**EXTRACTED DATA:**
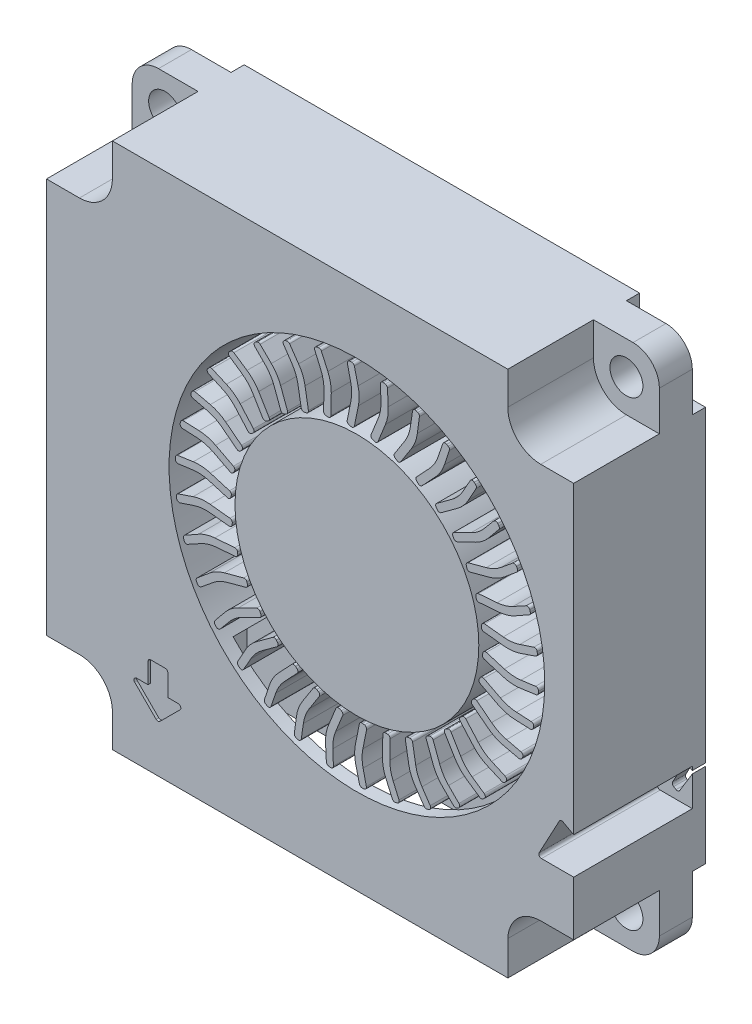
SolidWorks part; units mm, degrees
material "ABS"
ref_plane "Спереди" through (0, 0, 0) normal (0, 0, 1) x (1, 0, 0)
ref_plane "Сверху" through (0, 0, 0) normal (0, 1, 0) x (1, 0, 0)
ref_plane "Справа" through (0, 0, 0) normal (1, 0, 0) x (0, 0, -1)
sketch "Эскиз1" plane through (0, 0, 0) normal (0, 0, 1) x (1, 0, 0)
  line L1 (2, 0) -> (38, 0)
  line L2 (0, 2) -> (0, 38)
  line L3 (2, 40) -> (38, 40)
  line L4 (40, 2) -> (40, 38)
  arc A0 (0, 2) -> (2, 0) centre (2, 2) ccw
  arc A1 (40, 2) -> (38, 0) centre (38, 2) cw
  arc A2 (40, 38) -> (38, 40) centre (38, 38) ccw
  arc A3 (0, 38) -> (2, 40) centre (2, 38) cw
  circle A4 centre (2.5, 37.5) radius 1.25
  circle A5 centre (37.5, 37.5) radius 1.25
  circle A6 centre (37.5, 2.5) radius 1.25
  circle A7 centre (2.5, 2.5) radius 1.25
  point P7 (0, 0)
  point P10 (40, 0)
  point P13 (40, 40)
  point P16 (0, 40)
  dimension "D3" = 2
  dimension "D4" = 2
  dimension "D6" = 2.5
  dimension "D1" = 40
  dimension "D2" = 40
  dimension "D7" = 2.5
  dimension "D5" = 2
extrude "Бобышка-Вытянуть1" add sketch "Эскиз1" along normal blind 10
sketch "Эскиз2" plane through (0, 0, 10) normal (0, 0, 1) x (1, 0, 0)
  line L0 (5, 37.5) -> (5, 40)
  line L1 (5, 40) -> (-1.1472, 40)
  line L2 (-1.1472, 40) -> (-1.1472, 35)
  line L3 (-1.1472, 35) -> (2.5, 35)
  line L4 (37.5, 35) -> (44.7203, 35)
  line L5 (44.7203, 35) -> (44.7203, 44.1762)
  line L6 (44.7203, 44.1762) -> (35, 44.1762)
  line L7 (35, 44.1762) -> (35, 37.5)
  line L8 (37.5, 5.0016) -> (44.7203, 5.0016)
  line L9 (44.7203, 5.0016) -> (44.7203, -1.7129)
  line L10 (44.7203, -1.7129) -> (35.0111, -1.7129)
  line L11 (35.0111, -1.7129) -> (35, 2.5894)
  line L12 (5, 2.5) -> (5, -3.0182)
  line L13 (5, -3.0182) -> (-5.3068, -3.0182)
  line L14 (-5.3068, -3.0182) -> (-5.3068, 5)
  line L15 (-5.3068, 5) -> (2.5, 5)
  arc A0 (2.5, 35) -> (5, 37.5) centre (2.5, 37.5) ccw
  arc A1 (35, 37.5) -> (37.5, 35) centre (37.5, 37.5) ccw
  arc A2 (37.5, 5.0016) -> (35, 2.5894) centre (37.5, 2.5) ccw
  arc A3 (5, 2.5) -> (2.5, 5) centre (2.5, 2.5) ccw
extrude "Вырез-Вытянуть1" cut sketch "Эскиз2" against normal blind 6.5
sketch "Эскиз4" plane through (0, 0, 10) normal (0, 0, 1) x (1, 0, 0)
  line L0 (2, 0) -> (5, 0) construction
  line L1 (5, 0) -> (5, 2.5) construction
  line L2 (2.5, 5) -> (0, 5) construction
  line L3 (0, 5) -> (0, 2) construction
  line L4 (35.0067, 0) -> (38, 0) construction
  line L5 (40, 2) -> (40, 5.0016) construction
  line L6 (40, 5.0016) -> (37.5, 5.0016) construction
  line L7 (35, 2.5894) -> (35.0067, 0) construction
  line L8 (40, 35) -> (40, 38) construction
  line L9 (38, 40) -> (35, 40) construction
  line L10 (35, 40) -> (35, 37.5) construction
  line L11 (37.5, 35) -> (40, 35) construction
  line L12 (0, 38) -> (0, 35) construction
  line L13 (0, 35) -> (2.5, 35) construction
  line L14 (5, 37.5) -> (5, 40) construction
  line L15 (5, 40) -> (2, 40) construction
  line L16 (2, 0) -> (5, 0)
  line L17 (5, 0) -> (5, 2.5)
  line L18 (2.5, 5) -> (0, 5)
  line L19 (0, 5) -> (0, 2)
  line L20 (35.0067, 0) -> (38, 0)
  line L21 (40, 2) -> (40, 5.0016)
  line L22 (40, 5.0016) -> (37.5, 5.0016)
  line L23 (35, 2.5894) -> (35.0067, 0)
  line L24 (40, 35) -> (40, 38)
  line L25 (38, 40) -> (35, 40)
  line L26 (35, 40) -> (35, 37.5)
  line L27 (37.5, 35) -> (40, 35)
  line L28 (0, 38) -> (0, 35)
  line L29 (0, 35) -> (2.5, 35)
  line L30 (5, 37.5) -> (5, 40)
  line L31 (5, 40) -> (2, 40)
  arc A0 (5, 2.5) -> (2.5, 5) centre (2.5, 2.5) ccw construction
  arc A1 (0, 2) -> (2, 0) centre (2, 2) ccw construction
  arc A2 (38, 0) -> (40, 2) centre (38, 2) ccw construction
  arc A3 (37.5, 5.0016) -> (35, 2.5894) centre (37.5, 2.5) ccw construction
  arc A4 (40, 38) -> (38, 40) centre (38, 38) ccw construction
  arc A5 (35, 37.5) -> (37.5, 35) centre (37.5, 37.5) ccw construction
  arc A6 (2, 40) -> (0, 38) centre (2, 38) ccw construction
  arc A7 (2.5, 35) -> (5, 37.5) centre (2.5, 37.5) ccw construction
  arc A8 (5, 2.5) -> (2.5, 5) centre (2.5, 2.5) ccw
  arc A9 (0, 2) -> (2, 0) centre (2, 2) ccw
  arc A10 (38, 0) -> (40, 2) centre (38, 2) ccw
  arc A11 (37.5, 5.0016) -> (35, 2.5894) centre (37.5, 2.5) ccw
  arc A12 (40, 38) -> (38, 40) centre (38, 38) ccw
  arc A13 (35, 37.5) -> (37.5, 35) centre (37.5, 37.5) ccw
  arc A14 (2, 40) -> (0, 38) centre (2, 38) ccw
  arc A15 (2.5, 35) -> (5, 37.5) centre (2.5, 37.5) ccw
extrude "Вырез-Вытянуть2" cut sketch "Эскиз4" against normal blind 6.5 from offset 9 offset against normal yes
sketch "Эскиз5" plane through (0, 0, 0) normal (0, -1, 0) x (1, 0, 0)
  line L0 (5, 10) -> (35.0067, 10) construction
  line L1 (6.2, 9) -> (33.8067, 9)
  line L2 (6.2, 9) -> (6.2, 1)
  line L3 (6.2, 1) -> (33.8067, 1)
  line L4 (33.8067, 9) -> (33.8067, 1)
  line L5 (35.0067, 3.5) -> (35.0067, 10) construction
  line L6 (5, 10) -> (5, 3.5) construction
  line L7 (5, 0) -> (35.0067, 0) construction
  dimension "D1" = 1
  dimension "D2" = 1.2
  dimension "D3" = 1.2
  dimension "D4" = 1
extrude "Вырез-Вытянуть3" cut sketch "Эскиз5" against normal blind 11
sketch "Эскиз6" plane through (0, 0, 10) normal (0, 0, 1) x (1, 0, 0)
  line L0 (40, 5.0016) -> (40, 35) construction
  line L1 (5, 0) -> (35.0067, 0) construction
  circle A0 centre (23.55, 20.75) radius 14.25
  circle A1 centre (23.55, 20.75) radius 9.25
  dimension "D1" = 16.45
  dimension "D2" = 20.75
  dimension "D3" = 5
extrude "Вырез-Вытянуть4" cut sketch "Эскиз6" against normal blind 8
sketch "Эскиз8" plane through (0, 0, 2) normal (0, 0, 1) x (1, 0, 0)
  line L0 (23.0257, 34.5383) -> (23.1635, 34.5383)
  line L1 (23.3579, 34.3851) -> (23.6377, 33.2218)
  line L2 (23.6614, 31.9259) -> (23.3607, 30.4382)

**WHAT TO DO:**
The lines to reproduce run from the one containing "arc A7 (2.5, 35)" to the last line of the listing; print them exactly, including both ends.

**SOLUTION:**
  arc A7 (2.5, 35) -> (5, 37.5) centre (2.5, 37.5) ccw construction
  arc A8 (5, 2.5) -> (2.5, 5) centre (2.5, 2.5) ccw
  arc A9 (0, 2) -> (2, 0) centre (2, 2) ccw
  arc A10 (38, 0) -> (40, 2) centre (38, 2) ccw
  arc A11 (37.5, 5.0016) -> (35, 2.5894) centre (37.5, 2.5) ccw
  arc A12 (40, 38) -> (38, 40) centre (38, 38) ccw
  arc A13 (35, 37.5) -> (37.5, 35) centre (37.5, 37.5) ccw
  arc A14 (2, 40) -> (0, 38) centre (2, 38) ccw
  arc A15 (2.5, 35) -> (5, 37.5) centre (2.5, 37.5) ccw
extrude "Вырез-Вытянуть2" cut sketch "Эскиз4" against normal blind 6.5 from offset 9 offset against normal yes
sketch "Эскиз5" plane through (0, 0, 0) normal (0, -1, 0) x (1, 0, 0)
  line L0 (5, 10) -> (35.0067, 10) construction
  line L1 (6.2, 9) -> (33.8067, 9)
  line L2 (6.2, 9) -> (6.2, 1)
  line L3 (6.2, 1) -> (33.8067, 1)
  line L4 (33.8067, 9) -> (33.8067, 1)
  line L5 (35.0067, 3.5) -> (35.0067, 10) construction
  line L6 (5, 10) -> (5, 3.5) construction
  line L7 (5, 0) -> (35.0067, 0) construction
  dimension "D1" = 1
  dimension "D2" = 1.2
  dimension "D3" = 1.2
  dimension "D4" = 1
extrude "Вырез-Вытянуть3" cut sketch "Эскиз5" against normal blind 11
sketch "Эскиз6" plane through (0, 0, 10) normal (0, 0, 1) x (1, 0, 0)
  line L0 (40, 5.0016) -> (40, 35) construction
  line L1 (5, 0) -> (35.0067, 0) construction
  circle A0 centre (23.55, 20.75) radius 14.25
  circle A1 centre (23.55, 20.75) radius 9.25
  dimension "D1" = 16.45
  dimension "D2" = 20.75
  dimension "D3" = 5
extrude "Вырез-Вытянуть4" cut sketch "Эскиз6" against normal blind 8
sketch "Эскиз8" plane through (0, 0, 2) normal (0, 0, 1) x (1, 0, 0)
  line L0 (23.0257, 34.5383) -> (23.1635, 34.5383)
  line L1 (23.3579, 34.3851) -> (23.6377, 33.2218)
  line L2 (23.6614, 31.9259) -> (23.3607, 30.4382)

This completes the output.